■ The task: All lines from the one with "Xe/1 -> Selector/1" through the last are to be given again exactly as they stand in the data below, and only those.

■ Material for this exercise:
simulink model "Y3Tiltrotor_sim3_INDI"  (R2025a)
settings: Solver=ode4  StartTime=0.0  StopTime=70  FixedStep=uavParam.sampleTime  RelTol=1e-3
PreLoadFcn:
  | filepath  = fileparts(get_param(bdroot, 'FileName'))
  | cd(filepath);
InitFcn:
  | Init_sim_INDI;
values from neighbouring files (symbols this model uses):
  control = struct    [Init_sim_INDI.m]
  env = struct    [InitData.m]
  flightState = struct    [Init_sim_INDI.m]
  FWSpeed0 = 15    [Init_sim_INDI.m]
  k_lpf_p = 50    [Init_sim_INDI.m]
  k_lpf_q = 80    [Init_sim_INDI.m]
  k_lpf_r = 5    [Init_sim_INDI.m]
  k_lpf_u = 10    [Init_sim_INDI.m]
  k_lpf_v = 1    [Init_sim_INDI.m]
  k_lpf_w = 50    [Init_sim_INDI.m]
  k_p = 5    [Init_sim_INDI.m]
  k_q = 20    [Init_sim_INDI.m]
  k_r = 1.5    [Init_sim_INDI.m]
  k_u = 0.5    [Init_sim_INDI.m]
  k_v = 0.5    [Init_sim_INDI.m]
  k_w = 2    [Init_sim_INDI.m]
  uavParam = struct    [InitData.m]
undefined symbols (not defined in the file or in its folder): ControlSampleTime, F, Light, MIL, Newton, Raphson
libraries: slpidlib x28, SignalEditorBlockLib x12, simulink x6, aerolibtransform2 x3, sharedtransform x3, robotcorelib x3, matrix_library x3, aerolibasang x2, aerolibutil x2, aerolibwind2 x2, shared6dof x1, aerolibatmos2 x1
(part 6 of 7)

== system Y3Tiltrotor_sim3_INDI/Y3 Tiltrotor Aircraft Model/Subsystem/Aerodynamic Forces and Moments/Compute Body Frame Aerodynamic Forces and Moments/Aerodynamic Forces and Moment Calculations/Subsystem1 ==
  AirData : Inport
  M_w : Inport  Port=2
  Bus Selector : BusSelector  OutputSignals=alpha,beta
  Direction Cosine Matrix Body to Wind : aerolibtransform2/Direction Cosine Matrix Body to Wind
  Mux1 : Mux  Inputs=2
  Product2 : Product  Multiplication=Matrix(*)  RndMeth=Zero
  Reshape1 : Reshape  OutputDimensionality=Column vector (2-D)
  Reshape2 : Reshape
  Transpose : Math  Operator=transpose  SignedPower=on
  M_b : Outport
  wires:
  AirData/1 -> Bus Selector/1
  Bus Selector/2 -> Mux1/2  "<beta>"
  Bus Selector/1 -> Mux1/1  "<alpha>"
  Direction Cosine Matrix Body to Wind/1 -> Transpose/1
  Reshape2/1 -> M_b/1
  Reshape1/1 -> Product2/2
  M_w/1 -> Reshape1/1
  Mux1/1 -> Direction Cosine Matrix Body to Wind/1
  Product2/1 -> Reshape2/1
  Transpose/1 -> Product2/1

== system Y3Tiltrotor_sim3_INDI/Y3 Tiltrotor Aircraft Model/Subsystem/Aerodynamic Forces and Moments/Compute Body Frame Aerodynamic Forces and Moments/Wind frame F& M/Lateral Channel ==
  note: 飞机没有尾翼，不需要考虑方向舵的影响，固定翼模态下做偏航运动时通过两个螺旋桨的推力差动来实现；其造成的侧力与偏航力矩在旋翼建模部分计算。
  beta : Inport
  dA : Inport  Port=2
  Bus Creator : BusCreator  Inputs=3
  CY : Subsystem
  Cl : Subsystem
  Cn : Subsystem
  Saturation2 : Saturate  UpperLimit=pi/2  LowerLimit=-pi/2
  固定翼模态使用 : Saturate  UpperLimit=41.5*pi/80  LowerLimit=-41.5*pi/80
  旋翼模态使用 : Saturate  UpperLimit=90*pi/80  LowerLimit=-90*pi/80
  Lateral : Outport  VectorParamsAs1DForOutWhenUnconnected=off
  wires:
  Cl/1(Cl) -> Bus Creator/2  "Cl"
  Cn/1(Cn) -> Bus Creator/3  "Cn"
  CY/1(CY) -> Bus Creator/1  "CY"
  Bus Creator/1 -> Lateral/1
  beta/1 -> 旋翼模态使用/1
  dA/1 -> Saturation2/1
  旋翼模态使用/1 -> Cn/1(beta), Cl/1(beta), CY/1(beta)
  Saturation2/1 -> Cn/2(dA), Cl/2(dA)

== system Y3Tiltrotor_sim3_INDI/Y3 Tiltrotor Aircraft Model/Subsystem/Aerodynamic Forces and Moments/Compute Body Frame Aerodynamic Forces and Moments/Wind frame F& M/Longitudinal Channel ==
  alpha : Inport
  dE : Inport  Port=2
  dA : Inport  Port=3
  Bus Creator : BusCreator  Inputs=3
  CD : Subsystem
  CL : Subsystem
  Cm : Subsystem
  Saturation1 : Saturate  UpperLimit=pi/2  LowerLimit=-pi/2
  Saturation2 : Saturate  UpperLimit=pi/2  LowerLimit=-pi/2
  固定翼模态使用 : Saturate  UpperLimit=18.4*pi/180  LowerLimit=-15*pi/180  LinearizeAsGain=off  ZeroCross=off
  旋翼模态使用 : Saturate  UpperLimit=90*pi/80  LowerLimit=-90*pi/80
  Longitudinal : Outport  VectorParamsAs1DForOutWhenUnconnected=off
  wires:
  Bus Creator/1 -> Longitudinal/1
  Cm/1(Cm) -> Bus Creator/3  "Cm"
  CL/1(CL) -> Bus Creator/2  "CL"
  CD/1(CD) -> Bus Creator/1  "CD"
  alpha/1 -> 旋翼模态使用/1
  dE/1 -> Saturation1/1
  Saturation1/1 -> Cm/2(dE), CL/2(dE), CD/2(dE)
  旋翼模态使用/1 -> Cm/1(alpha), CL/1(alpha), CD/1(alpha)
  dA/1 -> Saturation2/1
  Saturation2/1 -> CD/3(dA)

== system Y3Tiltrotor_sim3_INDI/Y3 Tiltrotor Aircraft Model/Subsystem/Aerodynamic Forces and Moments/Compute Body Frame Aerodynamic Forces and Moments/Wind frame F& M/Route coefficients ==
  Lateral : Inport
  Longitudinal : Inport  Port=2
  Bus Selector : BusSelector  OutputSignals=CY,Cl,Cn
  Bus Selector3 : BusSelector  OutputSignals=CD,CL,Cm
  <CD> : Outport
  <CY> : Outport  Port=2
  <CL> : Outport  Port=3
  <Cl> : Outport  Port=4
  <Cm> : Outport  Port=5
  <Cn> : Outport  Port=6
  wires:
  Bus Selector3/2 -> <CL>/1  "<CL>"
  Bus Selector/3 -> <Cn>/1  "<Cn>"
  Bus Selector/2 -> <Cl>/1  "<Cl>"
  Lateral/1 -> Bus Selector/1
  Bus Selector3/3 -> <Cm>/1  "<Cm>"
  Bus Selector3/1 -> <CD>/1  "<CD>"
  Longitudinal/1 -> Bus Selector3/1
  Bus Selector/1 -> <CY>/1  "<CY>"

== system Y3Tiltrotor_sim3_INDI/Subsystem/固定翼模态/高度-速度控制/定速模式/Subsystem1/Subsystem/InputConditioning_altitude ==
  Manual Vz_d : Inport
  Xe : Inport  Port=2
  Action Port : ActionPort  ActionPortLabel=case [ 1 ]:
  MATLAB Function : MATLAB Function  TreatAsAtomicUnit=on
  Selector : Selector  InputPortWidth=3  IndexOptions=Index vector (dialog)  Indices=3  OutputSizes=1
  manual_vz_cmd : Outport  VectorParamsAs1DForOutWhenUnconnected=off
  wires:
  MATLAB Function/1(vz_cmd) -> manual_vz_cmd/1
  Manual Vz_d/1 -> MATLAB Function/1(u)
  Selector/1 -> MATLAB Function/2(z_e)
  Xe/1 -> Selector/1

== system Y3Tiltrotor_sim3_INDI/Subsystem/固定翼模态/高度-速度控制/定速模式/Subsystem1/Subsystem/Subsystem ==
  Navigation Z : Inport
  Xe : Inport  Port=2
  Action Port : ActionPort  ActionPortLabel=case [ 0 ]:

■ Written answer:
  Xe/1 -> Selector/1

== system Y3Tiltrotor_sim3_INDI/Subsystem/固定翼模态/高度-速度控制/定速模式/Subsystem1/Subsystem/Subsystem ==
  Navigation Z : Inport
  Xe : Inport  Port=2
  Action Port : ActionPort  ActionPortLabel=case [ 0 ]:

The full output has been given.